**DATA FOR PROCESSING**
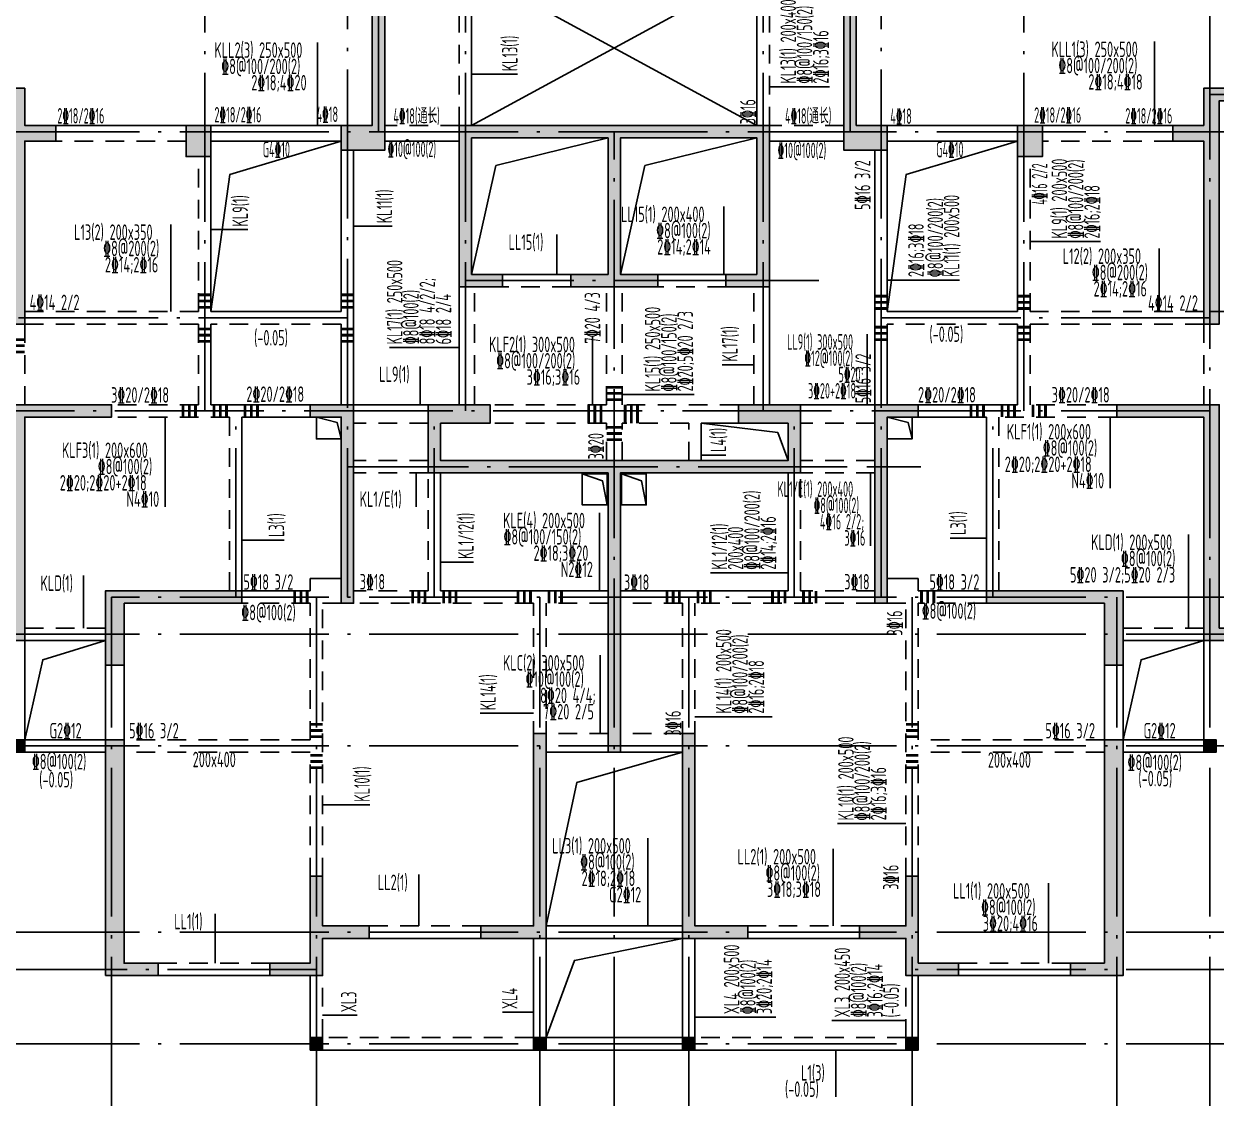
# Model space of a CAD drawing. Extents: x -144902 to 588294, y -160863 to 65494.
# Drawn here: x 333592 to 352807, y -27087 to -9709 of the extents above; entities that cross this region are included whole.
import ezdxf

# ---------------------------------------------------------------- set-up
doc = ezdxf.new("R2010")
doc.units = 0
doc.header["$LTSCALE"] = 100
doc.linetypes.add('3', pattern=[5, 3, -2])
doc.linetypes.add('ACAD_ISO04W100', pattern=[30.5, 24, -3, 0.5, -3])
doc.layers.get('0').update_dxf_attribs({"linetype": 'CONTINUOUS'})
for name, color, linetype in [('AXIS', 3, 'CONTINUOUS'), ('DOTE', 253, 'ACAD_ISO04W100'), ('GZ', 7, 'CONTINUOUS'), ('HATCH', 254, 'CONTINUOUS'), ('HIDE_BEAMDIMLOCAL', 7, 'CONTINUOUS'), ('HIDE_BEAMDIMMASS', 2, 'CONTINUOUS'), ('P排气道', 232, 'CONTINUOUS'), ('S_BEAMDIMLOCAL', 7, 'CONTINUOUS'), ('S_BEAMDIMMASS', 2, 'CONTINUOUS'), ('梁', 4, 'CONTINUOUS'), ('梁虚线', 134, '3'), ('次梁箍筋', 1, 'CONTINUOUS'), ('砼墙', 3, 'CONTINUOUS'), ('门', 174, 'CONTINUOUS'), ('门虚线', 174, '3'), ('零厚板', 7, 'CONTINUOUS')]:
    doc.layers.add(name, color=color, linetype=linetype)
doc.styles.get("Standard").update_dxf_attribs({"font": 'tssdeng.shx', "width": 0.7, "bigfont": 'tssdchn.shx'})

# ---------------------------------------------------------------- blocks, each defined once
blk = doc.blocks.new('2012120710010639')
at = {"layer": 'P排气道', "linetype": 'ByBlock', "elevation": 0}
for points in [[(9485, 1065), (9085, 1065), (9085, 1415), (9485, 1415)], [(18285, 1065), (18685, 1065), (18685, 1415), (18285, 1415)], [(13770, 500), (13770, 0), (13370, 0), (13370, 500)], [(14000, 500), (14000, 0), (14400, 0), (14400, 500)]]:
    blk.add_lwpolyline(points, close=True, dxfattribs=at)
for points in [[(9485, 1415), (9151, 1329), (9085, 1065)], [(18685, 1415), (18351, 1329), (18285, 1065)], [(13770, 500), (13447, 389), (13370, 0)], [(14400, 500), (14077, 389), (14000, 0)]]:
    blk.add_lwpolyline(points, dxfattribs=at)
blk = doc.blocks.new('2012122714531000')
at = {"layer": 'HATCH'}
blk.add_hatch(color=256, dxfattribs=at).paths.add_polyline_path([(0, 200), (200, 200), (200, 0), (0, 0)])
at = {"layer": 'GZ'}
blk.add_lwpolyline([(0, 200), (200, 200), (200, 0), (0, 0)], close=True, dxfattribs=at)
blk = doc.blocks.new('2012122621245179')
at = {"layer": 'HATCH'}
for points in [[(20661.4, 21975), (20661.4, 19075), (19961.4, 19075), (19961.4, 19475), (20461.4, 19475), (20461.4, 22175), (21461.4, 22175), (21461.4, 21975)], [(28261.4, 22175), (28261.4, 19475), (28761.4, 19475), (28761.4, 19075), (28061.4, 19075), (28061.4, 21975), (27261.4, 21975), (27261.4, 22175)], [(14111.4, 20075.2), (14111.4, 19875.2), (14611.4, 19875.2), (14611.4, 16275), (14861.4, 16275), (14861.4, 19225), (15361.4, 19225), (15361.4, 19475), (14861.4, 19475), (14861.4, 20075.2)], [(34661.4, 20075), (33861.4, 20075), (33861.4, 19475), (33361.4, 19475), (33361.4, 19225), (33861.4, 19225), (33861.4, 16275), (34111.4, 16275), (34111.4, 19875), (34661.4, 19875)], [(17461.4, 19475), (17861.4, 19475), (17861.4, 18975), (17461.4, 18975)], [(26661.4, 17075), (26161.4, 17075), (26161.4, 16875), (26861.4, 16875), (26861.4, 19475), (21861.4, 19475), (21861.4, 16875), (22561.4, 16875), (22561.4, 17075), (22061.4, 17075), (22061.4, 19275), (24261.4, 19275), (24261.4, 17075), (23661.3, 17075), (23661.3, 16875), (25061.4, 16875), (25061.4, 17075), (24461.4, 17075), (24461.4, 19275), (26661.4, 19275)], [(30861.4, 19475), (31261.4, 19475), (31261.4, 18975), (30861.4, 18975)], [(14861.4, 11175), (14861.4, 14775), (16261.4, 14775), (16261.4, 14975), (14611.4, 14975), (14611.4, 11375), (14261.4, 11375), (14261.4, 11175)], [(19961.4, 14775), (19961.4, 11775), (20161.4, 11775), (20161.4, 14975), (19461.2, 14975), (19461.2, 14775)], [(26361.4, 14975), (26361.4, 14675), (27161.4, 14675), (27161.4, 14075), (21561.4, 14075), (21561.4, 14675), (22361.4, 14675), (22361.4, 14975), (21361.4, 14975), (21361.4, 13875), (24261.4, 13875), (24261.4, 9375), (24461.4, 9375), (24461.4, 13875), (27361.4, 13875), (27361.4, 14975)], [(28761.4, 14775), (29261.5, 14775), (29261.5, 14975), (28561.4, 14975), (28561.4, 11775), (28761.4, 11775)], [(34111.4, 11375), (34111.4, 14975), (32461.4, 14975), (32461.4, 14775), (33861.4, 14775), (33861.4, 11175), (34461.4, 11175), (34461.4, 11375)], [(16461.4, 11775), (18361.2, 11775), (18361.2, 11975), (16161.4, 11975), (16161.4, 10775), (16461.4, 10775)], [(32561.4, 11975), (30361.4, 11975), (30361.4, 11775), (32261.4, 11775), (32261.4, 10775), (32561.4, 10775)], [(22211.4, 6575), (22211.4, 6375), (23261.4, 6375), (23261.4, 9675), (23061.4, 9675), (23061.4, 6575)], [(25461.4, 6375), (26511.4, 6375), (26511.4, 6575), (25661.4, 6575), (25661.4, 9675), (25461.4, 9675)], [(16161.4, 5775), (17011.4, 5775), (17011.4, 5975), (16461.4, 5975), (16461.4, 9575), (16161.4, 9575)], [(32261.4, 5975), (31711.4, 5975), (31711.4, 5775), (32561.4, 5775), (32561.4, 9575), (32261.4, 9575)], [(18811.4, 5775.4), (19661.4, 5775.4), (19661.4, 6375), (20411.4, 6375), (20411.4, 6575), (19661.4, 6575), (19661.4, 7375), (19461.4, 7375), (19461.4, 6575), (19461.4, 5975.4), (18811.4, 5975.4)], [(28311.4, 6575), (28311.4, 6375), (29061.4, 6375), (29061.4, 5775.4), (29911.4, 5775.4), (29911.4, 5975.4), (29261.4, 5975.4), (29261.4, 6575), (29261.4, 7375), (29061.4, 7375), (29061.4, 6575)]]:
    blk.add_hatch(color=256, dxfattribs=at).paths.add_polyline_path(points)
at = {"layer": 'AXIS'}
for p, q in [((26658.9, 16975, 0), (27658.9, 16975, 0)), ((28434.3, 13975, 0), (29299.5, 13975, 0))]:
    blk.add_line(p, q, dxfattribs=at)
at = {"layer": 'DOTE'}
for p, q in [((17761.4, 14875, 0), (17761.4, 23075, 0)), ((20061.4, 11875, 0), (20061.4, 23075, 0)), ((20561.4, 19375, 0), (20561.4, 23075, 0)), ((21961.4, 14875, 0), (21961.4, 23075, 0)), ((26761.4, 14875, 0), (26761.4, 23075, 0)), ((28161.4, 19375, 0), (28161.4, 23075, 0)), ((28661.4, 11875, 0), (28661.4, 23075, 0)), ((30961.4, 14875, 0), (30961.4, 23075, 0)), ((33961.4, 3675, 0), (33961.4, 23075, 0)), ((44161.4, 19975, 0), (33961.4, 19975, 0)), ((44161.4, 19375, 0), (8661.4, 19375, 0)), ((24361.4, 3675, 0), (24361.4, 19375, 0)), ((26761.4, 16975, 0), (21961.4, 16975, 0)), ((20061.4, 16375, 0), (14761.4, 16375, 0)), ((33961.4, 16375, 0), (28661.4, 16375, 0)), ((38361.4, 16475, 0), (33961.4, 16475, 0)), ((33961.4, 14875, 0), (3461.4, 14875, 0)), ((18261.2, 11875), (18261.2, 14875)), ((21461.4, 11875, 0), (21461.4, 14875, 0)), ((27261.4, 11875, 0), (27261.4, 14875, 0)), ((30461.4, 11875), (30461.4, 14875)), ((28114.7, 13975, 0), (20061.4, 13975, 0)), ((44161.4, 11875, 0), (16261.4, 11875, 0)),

**WHAT THE TASK REQUIRES**
Within the records above, each line containing "close" is to be returned.

**EXERCISE RESPONSE**
    blk.add_lwpolyline(points, close=True, dxfattribs=at)
blk.add_lwpolyline([(0, 200), (200, 200), (200, 0), (0, 0)], close=True, dxfattribs=at)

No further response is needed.